┌─ STUDY MATERIAL

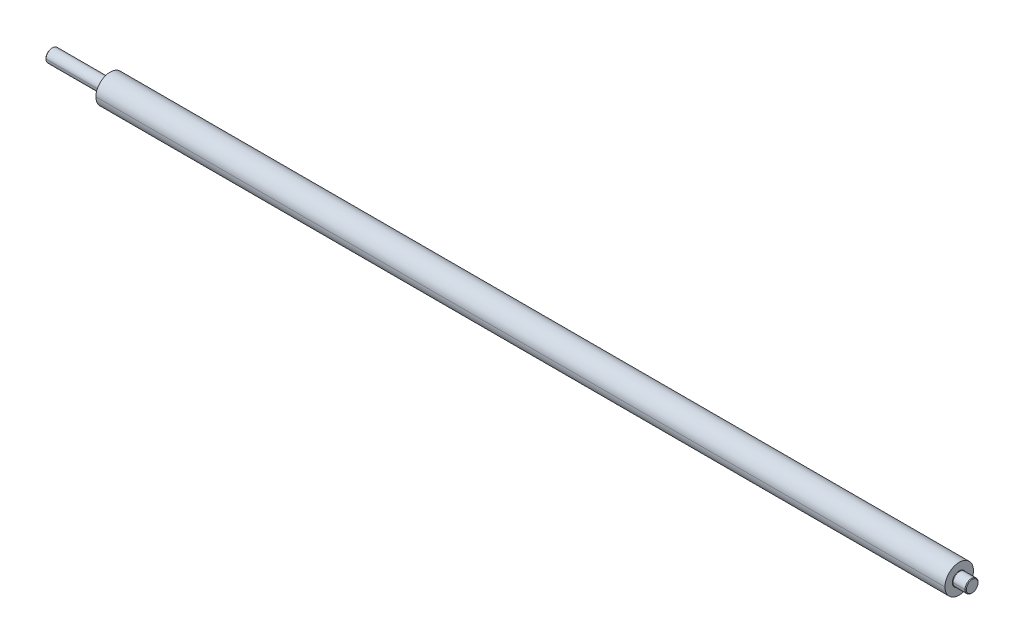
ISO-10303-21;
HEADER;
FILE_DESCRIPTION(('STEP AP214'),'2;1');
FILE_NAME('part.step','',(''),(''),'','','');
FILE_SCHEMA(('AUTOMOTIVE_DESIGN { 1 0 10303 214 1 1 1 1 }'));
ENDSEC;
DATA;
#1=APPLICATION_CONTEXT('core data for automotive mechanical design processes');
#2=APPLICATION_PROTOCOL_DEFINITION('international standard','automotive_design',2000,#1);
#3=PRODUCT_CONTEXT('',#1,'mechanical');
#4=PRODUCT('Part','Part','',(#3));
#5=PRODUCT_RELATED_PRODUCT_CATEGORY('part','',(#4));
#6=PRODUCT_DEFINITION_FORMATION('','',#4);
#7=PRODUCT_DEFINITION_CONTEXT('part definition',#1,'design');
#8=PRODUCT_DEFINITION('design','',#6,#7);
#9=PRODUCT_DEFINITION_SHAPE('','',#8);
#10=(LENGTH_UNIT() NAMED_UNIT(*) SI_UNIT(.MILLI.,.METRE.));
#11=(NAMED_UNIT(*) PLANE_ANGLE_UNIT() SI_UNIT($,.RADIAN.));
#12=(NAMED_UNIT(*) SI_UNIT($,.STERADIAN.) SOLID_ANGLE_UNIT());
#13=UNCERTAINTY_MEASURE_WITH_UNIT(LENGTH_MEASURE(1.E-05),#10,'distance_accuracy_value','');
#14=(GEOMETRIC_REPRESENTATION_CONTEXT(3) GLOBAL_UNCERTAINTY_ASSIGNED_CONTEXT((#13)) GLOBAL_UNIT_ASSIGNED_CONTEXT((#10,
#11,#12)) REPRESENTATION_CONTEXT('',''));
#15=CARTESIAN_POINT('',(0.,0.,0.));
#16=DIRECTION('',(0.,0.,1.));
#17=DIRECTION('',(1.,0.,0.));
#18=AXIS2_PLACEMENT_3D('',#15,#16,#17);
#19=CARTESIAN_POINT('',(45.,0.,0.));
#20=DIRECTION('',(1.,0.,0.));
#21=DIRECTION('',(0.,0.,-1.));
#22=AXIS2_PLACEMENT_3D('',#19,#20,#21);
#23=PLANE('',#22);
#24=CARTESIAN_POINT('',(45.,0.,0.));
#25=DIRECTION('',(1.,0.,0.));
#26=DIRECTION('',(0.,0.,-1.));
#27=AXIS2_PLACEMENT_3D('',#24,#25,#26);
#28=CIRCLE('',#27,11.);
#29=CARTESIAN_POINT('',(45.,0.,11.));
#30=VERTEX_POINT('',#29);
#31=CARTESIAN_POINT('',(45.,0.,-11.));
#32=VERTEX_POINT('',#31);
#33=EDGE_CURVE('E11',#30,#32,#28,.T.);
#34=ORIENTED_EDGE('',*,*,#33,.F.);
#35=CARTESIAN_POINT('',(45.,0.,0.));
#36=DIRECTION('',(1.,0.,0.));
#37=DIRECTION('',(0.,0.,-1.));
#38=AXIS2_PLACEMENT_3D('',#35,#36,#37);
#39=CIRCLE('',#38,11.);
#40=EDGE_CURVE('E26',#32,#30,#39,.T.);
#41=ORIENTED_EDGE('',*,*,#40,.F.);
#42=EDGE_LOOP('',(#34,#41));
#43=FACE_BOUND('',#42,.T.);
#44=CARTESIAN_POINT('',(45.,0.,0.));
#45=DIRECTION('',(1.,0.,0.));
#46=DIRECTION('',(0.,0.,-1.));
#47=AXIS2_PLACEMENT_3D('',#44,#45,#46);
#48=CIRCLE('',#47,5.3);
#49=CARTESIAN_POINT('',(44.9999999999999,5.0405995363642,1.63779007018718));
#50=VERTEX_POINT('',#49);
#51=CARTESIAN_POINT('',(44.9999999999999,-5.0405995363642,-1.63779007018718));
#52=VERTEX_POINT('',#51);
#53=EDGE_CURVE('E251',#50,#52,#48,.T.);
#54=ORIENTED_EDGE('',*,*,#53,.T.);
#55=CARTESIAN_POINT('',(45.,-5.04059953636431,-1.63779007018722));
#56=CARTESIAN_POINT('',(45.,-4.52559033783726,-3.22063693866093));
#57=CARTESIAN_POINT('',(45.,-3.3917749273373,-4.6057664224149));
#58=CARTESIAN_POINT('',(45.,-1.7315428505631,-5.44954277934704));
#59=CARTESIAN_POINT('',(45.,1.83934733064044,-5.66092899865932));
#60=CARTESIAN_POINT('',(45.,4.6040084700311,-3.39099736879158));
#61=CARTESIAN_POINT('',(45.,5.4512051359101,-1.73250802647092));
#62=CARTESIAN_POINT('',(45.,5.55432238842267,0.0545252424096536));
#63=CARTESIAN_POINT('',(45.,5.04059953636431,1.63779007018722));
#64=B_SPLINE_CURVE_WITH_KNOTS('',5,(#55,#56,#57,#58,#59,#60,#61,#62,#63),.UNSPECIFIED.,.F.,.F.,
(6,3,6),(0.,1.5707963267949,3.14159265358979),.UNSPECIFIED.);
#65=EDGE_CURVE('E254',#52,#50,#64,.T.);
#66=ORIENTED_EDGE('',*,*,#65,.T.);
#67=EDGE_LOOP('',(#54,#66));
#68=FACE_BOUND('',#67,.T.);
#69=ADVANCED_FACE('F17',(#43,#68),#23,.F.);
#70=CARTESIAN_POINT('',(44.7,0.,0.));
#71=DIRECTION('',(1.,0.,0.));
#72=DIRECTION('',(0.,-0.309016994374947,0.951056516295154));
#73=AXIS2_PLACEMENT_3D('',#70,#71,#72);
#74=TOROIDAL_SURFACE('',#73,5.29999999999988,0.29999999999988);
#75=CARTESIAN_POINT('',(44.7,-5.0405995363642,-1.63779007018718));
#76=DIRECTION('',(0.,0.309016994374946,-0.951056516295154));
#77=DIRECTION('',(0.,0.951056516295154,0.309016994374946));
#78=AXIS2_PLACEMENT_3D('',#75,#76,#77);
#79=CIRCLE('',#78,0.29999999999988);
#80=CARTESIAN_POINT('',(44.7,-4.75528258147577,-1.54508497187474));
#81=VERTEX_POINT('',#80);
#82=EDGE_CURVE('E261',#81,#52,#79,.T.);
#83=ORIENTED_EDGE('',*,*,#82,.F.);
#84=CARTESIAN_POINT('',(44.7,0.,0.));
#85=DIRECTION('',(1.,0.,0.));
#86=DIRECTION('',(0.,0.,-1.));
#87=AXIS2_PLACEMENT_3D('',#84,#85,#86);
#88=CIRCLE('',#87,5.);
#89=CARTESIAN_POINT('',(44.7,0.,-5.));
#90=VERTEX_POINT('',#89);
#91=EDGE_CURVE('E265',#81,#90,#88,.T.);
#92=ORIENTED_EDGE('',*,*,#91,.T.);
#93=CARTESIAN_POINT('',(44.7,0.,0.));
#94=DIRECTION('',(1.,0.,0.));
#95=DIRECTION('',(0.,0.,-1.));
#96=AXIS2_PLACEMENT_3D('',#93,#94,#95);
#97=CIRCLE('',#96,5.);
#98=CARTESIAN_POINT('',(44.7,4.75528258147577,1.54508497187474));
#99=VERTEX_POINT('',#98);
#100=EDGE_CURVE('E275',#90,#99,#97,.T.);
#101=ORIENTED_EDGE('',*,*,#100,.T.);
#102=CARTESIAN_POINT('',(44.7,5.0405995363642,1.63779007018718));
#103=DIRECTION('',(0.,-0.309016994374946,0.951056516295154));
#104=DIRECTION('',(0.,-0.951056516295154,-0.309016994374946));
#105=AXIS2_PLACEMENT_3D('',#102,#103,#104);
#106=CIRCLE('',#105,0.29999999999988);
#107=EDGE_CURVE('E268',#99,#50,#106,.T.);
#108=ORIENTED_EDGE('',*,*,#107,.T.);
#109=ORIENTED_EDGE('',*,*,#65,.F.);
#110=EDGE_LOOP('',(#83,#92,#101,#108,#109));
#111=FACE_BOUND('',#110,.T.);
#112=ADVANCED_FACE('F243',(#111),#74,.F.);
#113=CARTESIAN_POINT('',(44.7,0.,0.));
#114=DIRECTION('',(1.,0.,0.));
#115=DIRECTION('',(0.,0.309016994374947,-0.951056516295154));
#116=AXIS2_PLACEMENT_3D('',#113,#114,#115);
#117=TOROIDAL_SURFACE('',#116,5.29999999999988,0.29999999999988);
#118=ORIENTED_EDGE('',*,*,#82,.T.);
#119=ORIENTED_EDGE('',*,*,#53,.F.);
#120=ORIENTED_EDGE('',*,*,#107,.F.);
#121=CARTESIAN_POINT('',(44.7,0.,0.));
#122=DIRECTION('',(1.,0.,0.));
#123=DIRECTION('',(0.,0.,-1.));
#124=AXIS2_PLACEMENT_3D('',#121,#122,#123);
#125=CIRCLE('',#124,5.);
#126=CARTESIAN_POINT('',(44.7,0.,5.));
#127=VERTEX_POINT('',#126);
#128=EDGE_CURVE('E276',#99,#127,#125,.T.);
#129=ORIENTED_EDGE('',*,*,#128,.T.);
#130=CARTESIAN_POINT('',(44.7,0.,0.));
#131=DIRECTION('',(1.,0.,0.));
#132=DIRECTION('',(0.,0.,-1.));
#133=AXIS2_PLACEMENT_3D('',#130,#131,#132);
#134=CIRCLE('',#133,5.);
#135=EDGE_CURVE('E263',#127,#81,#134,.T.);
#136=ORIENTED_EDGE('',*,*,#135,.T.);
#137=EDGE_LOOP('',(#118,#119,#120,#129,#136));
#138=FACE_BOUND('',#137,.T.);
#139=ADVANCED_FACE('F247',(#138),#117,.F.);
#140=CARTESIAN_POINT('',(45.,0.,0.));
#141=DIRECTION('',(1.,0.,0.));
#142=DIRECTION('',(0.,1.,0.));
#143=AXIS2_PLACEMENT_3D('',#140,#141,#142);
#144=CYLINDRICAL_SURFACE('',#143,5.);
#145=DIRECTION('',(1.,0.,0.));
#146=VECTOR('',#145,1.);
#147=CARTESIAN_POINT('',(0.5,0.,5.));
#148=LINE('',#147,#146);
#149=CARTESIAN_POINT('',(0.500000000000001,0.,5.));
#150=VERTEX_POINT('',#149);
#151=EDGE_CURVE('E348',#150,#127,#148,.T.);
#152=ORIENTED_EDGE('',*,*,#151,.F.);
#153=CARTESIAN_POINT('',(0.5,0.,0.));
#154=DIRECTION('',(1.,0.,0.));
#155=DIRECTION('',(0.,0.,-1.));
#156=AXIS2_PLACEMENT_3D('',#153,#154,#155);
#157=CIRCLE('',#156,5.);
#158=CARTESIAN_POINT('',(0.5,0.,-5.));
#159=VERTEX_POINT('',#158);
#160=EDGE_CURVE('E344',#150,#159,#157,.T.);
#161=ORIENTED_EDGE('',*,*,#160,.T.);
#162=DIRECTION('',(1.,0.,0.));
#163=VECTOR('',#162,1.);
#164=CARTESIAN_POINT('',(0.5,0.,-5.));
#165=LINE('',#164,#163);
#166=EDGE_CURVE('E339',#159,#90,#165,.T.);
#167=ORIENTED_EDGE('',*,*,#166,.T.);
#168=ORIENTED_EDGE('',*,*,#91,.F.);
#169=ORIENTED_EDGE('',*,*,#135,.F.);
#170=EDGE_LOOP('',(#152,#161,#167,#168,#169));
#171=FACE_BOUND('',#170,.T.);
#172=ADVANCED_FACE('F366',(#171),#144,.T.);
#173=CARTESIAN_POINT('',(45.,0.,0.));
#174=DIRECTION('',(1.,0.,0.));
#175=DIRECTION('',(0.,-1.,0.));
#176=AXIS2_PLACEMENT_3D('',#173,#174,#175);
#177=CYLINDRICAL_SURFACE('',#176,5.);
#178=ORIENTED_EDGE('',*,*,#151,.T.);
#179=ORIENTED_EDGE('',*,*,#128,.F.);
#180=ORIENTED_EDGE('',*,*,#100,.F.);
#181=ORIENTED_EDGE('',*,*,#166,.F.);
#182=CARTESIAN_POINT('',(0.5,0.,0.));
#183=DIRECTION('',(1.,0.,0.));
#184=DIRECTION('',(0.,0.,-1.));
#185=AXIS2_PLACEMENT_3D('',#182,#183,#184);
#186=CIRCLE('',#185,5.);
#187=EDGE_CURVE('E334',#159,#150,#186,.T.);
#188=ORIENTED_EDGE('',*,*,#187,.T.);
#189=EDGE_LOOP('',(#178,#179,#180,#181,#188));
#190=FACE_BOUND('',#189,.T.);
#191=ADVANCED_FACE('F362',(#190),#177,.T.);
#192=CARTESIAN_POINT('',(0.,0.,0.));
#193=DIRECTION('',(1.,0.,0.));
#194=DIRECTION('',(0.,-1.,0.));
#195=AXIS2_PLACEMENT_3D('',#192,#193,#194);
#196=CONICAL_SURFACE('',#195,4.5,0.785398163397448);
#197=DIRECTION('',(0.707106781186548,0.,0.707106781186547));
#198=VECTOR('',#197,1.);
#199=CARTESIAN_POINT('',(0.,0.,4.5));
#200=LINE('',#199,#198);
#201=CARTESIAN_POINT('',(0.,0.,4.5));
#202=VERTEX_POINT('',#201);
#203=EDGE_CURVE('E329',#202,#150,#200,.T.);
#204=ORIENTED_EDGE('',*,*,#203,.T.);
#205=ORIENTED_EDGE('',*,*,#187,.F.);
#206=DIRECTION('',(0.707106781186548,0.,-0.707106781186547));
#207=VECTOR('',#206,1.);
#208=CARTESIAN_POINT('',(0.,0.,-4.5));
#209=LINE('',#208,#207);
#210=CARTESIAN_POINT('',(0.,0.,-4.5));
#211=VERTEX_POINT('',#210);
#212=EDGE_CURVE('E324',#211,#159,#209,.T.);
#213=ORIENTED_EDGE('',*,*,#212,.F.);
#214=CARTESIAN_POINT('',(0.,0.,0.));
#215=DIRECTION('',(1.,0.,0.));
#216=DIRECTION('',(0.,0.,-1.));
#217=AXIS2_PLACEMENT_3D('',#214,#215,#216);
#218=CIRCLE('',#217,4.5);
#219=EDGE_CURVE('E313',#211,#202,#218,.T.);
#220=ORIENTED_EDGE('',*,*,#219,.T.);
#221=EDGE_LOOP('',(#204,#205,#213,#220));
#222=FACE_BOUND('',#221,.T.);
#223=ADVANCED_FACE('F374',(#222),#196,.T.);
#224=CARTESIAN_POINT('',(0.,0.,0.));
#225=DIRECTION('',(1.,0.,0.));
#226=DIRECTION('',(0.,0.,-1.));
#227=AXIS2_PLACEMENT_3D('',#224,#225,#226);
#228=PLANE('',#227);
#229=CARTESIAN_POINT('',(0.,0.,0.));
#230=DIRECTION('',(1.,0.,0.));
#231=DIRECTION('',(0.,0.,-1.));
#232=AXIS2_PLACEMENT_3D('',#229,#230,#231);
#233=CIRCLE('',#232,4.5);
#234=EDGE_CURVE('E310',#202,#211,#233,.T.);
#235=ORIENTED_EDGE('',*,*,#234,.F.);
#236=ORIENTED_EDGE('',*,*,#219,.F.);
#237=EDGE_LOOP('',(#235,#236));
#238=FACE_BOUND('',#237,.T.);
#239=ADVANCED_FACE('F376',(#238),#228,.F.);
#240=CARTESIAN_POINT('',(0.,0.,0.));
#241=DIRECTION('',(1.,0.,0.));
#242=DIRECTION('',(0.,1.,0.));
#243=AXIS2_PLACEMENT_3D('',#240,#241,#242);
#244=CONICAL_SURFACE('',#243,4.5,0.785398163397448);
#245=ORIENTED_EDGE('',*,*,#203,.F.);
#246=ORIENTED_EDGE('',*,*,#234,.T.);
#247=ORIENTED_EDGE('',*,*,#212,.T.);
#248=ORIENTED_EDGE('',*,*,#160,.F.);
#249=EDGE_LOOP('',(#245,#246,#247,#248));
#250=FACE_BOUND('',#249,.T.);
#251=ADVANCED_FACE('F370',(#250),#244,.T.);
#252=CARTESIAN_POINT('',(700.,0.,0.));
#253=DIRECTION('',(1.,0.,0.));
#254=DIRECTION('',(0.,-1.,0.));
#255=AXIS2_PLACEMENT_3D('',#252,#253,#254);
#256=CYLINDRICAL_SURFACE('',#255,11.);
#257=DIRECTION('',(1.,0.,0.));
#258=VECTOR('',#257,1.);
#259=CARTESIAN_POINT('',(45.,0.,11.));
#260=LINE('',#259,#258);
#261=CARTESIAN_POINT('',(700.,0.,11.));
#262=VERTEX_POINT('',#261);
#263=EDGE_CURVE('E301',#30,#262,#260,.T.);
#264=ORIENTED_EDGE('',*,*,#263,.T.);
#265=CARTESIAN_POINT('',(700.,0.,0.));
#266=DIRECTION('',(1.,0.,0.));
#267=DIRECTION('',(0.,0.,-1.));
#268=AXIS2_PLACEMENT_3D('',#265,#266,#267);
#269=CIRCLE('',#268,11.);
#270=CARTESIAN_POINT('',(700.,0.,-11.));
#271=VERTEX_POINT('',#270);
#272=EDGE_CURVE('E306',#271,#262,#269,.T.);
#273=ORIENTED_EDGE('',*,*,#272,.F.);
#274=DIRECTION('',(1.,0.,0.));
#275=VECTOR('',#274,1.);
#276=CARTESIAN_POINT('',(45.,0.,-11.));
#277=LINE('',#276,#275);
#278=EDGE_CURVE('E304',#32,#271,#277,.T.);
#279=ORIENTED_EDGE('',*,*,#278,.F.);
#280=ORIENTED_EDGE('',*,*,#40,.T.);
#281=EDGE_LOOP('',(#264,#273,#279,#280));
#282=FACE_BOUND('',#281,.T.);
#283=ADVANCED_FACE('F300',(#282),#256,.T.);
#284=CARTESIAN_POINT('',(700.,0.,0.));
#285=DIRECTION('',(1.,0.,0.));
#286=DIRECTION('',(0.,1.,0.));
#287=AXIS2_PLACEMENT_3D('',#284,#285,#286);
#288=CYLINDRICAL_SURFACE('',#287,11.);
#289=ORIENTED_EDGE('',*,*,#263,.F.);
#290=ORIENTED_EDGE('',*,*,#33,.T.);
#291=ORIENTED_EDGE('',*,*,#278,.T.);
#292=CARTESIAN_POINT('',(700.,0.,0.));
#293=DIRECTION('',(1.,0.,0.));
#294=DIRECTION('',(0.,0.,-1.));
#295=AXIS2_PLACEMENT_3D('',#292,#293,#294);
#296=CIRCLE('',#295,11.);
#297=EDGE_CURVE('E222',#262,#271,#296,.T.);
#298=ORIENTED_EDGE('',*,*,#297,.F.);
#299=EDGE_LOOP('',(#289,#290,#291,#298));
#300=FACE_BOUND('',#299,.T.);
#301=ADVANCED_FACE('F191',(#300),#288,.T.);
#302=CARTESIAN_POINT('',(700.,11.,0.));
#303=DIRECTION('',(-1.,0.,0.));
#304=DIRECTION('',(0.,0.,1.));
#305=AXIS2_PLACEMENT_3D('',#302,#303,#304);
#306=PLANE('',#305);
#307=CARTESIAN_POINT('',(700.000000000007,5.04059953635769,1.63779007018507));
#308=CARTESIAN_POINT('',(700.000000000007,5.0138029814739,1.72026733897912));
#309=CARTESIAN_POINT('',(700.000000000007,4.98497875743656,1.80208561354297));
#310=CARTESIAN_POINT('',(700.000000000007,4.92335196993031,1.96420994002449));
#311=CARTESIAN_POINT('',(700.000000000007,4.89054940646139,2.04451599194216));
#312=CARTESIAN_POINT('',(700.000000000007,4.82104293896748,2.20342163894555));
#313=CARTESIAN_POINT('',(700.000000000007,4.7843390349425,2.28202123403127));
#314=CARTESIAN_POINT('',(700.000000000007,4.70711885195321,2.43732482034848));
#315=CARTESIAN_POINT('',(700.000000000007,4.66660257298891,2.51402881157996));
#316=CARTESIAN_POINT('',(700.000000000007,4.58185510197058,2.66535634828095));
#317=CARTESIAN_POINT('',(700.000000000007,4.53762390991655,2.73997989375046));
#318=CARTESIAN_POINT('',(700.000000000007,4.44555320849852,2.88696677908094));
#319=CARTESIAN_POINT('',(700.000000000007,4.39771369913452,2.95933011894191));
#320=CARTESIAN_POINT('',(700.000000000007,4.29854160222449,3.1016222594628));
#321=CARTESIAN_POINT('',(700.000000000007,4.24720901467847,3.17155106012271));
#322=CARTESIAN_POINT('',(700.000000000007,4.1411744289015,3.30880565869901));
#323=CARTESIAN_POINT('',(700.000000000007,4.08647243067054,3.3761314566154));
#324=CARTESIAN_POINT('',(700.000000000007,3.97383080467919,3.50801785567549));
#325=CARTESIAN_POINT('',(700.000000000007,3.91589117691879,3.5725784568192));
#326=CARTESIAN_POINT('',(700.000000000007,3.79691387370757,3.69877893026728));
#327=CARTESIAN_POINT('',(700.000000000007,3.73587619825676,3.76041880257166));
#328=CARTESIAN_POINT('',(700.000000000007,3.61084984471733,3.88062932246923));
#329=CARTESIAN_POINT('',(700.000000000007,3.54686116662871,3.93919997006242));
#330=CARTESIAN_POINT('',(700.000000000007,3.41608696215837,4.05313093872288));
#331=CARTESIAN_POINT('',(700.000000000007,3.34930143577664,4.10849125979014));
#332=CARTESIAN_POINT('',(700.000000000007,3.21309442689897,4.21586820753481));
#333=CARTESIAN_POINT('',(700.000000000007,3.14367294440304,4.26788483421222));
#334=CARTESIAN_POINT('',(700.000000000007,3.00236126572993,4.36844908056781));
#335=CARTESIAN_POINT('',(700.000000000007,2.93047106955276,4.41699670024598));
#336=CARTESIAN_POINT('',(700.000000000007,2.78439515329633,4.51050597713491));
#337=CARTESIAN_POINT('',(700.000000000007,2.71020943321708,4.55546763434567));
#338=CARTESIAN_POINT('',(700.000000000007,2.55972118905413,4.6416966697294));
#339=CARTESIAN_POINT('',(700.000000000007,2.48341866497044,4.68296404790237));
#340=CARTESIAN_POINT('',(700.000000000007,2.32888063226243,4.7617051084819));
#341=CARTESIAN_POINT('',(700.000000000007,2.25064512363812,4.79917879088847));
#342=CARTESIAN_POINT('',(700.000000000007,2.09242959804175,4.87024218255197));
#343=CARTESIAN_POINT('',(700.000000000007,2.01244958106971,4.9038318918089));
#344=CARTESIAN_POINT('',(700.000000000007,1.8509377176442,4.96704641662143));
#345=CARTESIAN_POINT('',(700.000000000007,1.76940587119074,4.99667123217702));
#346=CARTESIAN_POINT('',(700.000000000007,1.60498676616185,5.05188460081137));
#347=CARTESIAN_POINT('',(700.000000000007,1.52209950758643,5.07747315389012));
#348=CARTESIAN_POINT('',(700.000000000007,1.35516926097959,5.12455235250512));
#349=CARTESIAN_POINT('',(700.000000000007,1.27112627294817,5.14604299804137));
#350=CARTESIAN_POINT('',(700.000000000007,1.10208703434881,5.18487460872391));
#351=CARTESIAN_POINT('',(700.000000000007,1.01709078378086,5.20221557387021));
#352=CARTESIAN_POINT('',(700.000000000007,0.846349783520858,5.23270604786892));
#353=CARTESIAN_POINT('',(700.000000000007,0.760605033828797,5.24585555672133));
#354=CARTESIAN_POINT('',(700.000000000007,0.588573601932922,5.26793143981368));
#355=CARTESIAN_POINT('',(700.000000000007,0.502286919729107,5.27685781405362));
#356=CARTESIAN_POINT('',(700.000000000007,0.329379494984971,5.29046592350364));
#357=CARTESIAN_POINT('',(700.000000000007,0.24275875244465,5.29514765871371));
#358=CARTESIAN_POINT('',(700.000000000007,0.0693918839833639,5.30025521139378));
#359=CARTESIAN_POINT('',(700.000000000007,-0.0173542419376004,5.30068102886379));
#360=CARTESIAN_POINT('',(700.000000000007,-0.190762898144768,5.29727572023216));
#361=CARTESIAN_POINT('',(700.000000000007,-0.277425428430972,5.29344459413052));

└─

_WHAT YOU WILL DO_
What you give back must be exactly the lines from the opening line of the entries through the line holding "#26=DIRECTION('',(0.,0.,-1.));", with no pictures.

_TASK SOLUTION_
ISO-10303-21;
HEADER;
FILE_DESCRIPTION(('STEP AP214'),'2;1');
FILE_NAME('part.step','',(''),(''),'','','');
FILE_SCHEMA(('AUTOMOTIVE_DESIGN { 1 0 10303 214 1 1 1 1 }'));
ENDSEC;
DATA;
#1=APPLICATION_CONTEXT('core data for automotive mechanical design processes');
#2=APPLICATION_PROTOCOL_DEFINITION('international standard','automotive_design',2000,#1);
#3=PRODUCT_CONTEXT('',#1,'mechanical');
#4=PRODUCT('Part','Part','',(#3));
#5=PRODUCT_RELATED_PRODUCT_CATEGORY('part','',(#4));
#6=PRODUCT_DEFINITION_FORMATION('','',#4);
#7=PRODUCT_DEFINITION_CONTEXT('part definition',#1,'design');
#8=PRODUCT_DEFINITION('design','',#6,#7);
#9=PRODUCT_DEFINITION_SHAPE('','',#8);
#10=(LENGTH_UNIT() NAMED_UNIT(*) SI_UNIT(.MILLI.,.METRE.));
#11=(NAMED_UNIT(*) PLANE_ANGLE_UNIT() SI_UNIT($,.RADIAN.));
#12=(NAMED_UNIT(*) SI_UNIT($,.STERADIAN.) SOLID_ANGLE_UNIT());
#13=UNCERTAINTY_MEASURE_WITH_UNIT(LENGTH_MEASURE(1.E-05),#10,'distance_accuracy_value','');
#14=(GEOMETRIC_REPRESENTATION_CONTEXT(3) GLOBAL_UNCERTAINTY_ASSIGNED_CONTEXT((#13)) GLOBAL_UNIT_ASSIGNED_CONTEXT((#10,
#11,#12)) REPRESENTATION_CONTEXT('',''));
#15=CARTESIAN_POINT('',(0.,0.,0.));
#16=DIRECTION('',(0.,0.,1.));
#17=DIRECTION('',(1.,0.,0.));
#18=AXIS2_PLACEMENT_3D('',#15,#16,#17);
#19=CARTESIAN_POINT('',(45.,0.,0.));
#20=DIRECTION('',(1.,0.,0.));
#21=DIRECTION('',(0.,0.,-1.));
#22=AXIS2_PLACEMENT_3D('',#19,#20,#21);
#23=PLANE('',#22);
#24=CARTESIAN_POINT('',(45.,0.,0.));
#25=DIRECTION('',(1.,0.,0.));
#26=DIRECTION('',(0.,0.,-1.));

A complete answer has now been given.